The college’s vision for its new land base was ambitious but expensive. The main building was already being renovated for classrooms, administration offices and labs. Eventually, the former bishop’s residence, with a view of Lake Champlain,  would provide space for public events, study rooms and visiting faculty.  For the first year $1.2 million was budgeted for renovations. But it would cost at least $2 million more to complete the transformation, including work on an enormous building previously rented by the Howard Center to provide housing for about 16 students.

“It’s fabulous,” said Sanders. “We are leaving a 16,000 square foot building on 2 acres to a 77,000 square foot building on 34 acres. Instead of a lake view, we have lakefront.”

According to Dantzscher, the strategic plan developed five years before had basically been achieved. “Now we can decide and dictate our own destiny,” he predicted.

To make this dramatic expansion work financially, the college tried to lower some of its expenses by refinancing debt and improving energy efficiency. However, Sanders acknowledged that completing the move would require still more borrowing. In addition, a $6 million capital campaign (increased from an initial $4 million) had been launched. But progress was slower than hoped.

Subsequent investigations have suggested that Sanders overstated donation amounts in a bank application for the $6.7 million loan used by the college to purchase the land. She apparently told People’s United Bank that the college had $2.6 million in pledged donations to support the purchase. But the college received only $676,000 in actual donations from 2010 through 2014, according to figures provided by the college. That’s far less than the $5 million Sanders listed as likely pledges in the loan agreement, and less than a third of the $2.14 million she told People’s Bank the college would collect in cash during the four-year period.

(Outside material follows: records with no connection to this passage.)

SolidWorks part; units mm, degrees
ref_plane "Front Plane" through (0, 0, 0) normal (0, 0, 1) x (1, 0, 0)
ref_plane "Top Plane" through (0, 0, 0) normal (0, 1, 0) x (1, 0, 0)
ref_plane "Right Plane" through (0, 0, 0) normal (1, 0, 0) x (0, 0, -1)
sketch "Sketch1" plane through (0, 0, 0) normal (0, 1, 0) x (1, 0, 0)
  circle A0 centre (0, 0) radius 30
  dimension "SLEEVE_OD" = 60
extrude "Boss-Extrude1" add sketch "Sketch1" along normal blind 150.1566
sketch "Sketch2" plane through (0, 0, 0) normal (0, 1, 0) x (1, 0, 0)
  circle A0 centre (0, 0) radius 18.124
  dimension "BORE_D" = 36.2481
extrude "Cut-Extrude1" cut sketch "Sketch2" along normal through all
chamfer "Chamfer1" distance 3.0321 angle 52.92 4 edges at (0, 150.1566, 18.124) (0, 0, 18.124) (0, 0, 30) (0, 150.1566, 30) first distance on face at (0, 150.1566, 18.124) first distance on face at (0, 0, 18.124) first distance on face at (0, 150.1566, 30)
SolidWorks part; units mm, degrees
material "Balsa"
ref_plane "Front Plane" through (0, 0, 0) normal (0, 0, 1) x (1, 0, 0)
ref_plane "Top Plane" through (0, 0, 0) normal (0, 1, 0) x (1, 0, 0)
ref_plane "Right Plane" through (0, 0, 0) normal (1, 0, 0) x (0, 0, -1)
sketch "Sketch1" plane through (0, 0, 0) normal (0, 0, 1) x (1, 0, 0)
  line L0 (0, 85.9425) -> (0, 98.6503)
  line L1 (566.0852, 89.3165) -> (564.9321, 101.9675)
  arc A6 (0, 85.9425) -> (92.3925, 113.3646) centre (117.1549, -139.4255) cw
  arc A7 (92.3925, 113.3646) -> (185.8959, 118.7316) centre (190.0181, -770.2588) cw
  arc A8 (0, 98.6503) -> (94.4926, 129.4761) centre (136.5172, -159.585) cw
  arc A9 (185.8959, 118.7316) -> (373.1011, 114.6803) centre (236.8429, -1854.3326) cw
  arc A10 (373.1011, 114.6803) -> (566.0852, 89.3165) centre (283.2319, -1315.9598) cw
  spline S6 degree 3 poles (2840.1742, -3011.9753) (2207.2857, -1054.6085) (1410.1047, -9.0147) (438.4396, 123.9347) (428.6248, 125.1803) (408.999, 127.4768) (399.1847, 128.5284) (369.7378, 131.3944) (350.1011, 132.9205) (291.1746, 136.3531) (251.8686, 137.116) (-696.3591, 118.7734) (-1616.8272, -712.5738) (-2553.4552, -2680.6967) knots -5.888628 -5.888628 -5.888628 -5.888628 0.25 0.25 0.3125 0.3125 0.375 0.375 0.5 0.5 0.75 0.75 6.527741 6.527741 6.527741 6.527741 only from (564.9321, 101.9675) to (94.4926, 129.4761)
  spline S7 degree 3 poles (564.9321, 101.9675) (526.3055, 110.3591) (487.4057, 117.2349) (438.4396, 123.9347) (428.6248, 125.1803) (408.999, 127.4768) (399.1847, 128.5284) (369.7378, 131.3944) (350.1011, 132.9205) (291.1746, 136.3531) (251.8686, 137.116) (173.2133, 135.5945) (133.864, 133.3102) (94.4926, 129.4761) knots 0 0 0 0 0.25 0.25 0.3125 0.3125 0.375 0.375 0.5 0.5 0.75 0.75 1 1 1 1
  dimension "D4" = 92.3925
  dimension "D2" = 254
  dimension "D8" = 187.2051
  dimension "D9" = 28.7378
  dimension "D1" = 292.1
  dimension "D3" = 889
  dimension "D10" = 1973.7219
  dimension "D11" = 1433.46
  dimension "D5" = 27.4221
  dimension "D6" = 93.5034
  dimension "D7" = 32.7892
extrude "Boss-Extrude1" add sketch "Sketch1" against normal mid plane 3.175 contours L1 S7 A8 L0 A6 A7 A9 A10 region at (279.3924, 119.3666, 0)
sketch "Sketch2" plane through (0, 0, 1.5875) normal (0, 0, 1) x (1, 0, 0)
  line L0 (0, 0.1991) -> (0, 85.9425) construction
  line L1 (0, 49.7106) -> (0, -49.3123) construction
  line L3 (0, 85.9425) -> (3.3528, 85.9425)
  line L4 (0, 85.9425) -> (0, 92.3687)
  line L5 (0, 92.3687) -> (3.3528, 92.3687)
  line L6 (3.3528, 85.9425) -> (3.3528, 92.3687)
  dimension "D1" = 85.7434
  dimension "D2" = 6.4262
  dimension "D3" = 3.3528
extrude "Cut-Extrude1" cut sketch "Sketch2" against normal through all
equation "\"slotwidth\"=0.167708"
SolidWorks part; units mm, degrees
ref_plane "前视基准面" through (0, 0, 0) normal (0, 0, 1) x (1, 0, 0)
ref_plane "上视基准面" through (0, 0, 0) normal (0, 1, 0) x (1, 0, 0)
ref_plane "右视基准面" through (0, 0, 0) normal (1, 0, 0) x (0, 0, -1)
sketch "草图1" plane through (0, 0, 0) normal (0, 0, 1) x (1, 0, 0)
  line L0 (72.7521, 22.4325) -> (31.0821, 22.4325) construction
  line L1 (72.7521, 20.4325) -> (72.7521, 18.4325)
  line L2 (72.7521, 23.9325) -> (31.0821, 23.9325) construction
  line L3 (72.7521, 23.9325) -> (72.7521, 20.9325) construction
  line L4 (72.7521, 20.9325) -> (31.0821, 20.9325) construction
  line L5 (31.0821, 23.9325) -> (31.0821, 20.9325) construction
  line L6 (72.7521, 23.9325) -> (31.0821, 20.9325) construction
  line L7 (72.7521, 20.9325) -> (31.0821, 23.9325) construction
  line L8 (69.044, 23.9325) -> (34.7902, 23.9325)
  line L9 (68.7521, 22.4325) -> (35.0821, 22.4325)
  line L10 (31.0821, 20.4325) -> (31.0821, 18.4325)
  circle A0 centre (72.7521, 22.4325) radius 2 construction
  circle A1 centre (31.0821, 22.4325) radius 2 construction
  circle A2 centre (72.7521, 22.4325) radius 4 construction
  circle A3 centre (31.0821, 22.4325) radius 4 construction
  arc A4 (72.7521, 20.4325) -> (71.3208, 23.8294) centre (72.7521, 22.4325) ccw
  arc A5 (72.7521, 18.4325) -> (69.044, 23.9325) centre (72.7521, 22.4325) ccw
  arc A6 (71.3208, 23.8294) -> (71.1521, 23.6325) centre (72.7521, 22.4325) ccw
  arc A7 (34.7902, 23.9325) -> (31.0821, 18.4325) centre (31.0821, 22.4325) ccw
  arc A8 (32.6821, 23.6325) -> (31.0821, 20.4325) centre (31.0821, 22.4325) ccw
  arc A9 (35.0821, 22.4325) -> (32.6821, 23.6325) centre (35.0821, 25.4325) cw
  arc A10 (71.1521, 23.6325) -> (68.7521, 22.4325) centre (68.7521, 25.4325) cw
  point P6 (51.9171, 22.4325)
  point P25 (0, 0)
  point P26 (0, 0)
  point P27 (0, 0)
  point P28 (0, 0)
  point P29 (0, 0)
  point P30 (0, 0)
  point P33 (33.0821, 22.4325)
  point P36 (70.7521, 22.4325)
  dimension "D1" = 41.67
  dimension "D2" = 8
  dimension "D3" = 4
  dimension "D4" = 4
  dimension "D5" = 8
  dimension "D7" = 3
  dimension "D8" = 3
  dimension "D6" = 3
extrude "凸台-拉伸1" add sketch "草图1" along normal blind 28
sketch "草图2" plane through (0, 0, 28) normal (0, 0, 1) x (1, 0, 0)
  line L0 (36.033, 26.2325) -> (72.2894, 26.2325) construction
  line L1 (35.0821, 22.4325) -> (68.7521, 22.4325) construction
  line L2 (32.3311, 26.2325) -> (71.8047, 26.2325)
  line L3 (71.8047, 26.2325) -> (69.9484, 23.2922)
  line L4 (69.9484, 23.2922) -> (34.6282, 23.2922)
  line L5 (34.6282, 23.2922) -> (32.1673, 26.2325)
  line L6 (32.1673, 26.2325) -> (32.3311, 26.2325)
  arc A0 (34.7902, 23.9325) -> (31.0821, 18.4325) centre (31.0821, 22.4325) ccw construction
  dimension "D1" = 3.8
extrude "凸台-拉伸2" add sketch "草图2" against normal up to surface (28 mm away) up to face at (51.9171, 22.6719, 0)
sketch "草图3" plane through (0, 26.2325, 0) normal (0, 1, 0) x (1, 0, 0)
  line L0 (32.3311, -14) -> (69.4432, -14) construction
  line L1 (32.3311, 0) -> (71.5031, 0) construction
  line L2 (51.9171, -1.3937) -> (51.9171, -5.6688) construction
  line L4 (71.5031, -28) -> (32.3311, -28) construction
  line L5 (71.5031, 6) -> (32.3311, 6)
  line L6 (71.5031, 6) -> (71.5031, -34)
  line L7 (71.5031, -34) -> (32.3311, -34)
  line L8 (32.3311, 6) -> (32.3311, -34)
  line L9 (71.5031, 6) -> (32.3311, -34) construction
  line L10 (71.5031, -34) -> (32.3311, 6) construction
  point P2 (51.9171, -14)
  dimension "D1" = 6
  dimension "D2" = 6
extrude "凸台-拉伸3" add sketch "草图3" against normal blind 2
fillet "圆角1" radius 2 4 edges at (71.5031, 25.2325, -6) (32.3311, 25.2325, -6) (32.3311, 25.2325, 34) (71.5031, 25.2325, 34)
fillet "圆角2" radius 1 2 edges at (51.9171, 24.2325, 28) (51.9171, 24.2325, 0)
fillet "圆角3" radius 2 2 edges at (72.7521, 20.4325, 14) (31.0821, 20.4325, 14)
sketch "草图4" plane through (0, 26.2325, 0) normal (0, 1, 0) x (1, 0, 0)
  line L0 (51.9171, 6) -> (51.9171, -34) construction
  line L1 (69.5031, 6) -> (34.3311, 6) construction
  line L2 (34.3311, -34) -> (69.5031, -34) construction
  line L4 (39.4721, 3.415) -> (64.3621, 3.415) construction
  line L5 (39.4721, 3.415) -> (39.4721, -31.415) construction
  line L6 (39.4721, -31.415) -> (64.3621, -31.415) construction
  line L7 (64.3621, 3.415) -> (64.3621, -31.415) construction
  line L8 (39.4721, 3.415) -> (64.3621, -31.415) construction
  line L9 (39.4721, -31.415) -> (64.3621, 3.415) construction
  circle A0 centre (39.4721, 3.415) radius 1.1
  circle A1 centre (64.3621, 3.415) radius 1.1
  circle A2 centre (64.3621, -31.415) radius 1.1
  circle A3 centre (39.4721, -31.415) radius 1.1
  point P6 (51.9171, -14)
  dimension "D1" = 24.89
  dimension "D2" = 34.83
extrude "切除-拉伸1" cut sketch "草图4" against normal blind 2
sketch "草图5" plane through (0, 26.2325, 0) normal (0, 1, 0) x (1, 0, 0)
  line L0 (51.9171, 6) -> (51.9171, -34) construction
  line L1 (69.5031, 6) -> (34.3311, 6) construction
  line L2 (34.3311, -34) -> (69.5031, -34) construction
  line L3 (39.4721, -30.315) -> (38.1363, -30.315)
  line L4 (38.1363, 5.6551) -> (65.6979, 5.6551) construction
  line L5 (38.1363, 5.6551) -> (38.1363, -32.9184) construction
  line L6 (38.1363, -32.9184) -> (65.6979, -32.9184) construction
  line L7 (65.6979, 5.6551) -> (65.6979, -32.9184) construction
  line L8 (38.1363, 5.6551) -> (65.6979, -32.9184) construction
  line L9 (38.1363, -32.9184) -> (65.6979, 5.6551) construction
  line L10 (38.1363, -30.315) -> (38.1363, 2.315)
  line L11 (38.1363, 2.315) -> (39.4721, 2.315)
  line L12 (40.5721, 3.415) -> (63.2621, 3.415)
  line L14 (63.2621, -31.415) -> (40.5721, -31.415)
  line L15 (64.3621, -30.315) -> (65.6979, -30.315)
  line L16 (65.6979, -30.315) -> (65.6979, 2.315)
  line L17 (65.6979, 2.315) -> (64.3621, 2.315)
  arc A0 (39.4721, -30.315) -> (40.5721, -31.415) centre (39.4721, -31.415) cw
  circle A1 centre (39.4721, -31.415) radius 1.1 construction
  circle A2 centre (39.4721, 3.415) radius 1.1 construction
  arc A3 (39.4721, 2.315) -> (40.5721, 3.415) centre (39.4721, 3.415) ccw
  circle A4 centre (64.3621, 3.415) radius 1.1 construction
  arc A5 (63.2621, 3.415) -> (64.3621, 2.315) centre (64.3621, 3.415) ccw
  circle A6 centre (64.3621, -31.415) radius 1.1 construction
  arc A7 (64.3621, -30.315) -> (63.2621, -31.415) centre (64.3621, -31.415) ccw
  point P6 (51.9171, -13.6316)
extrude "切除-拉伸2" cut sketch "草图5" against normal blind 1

Two people whose pledges are listed as confirmed in the loan agreement told VTDigger that their personal financial records show their pledges were overstated. Neither were aware that the pledges were used to secure the loan. Burlington College also cited a $1 million bequest as a pledged donation that would be paid out over six years, even though the money would only be available after the donor’s death.

Evolving Academics

In its final years, the most popular academic programs at the school included film, photography, fine arts and integral psychology. As part of an expansion plan, new majors were proposed in media activism and hospitality/event management, as well as four new Bachelor of Fine Arts degree programs. It already offered study abroad opportunities, including one in Cuba with the University of Havana, and an Institute for Civic Engagement to promote an informed, active citizenry.

Most Burlington College students were under 25, a contrast with both the school’s early history and recent educational trends. Nationally, the number of older students was rising faster than enrollment for those under 25, a pattern expected to continue. The question confronting the Board of Trustees was whether a small school, even with a lovely new campus, could succeed in doubling its student body in the current academic and economic environment. 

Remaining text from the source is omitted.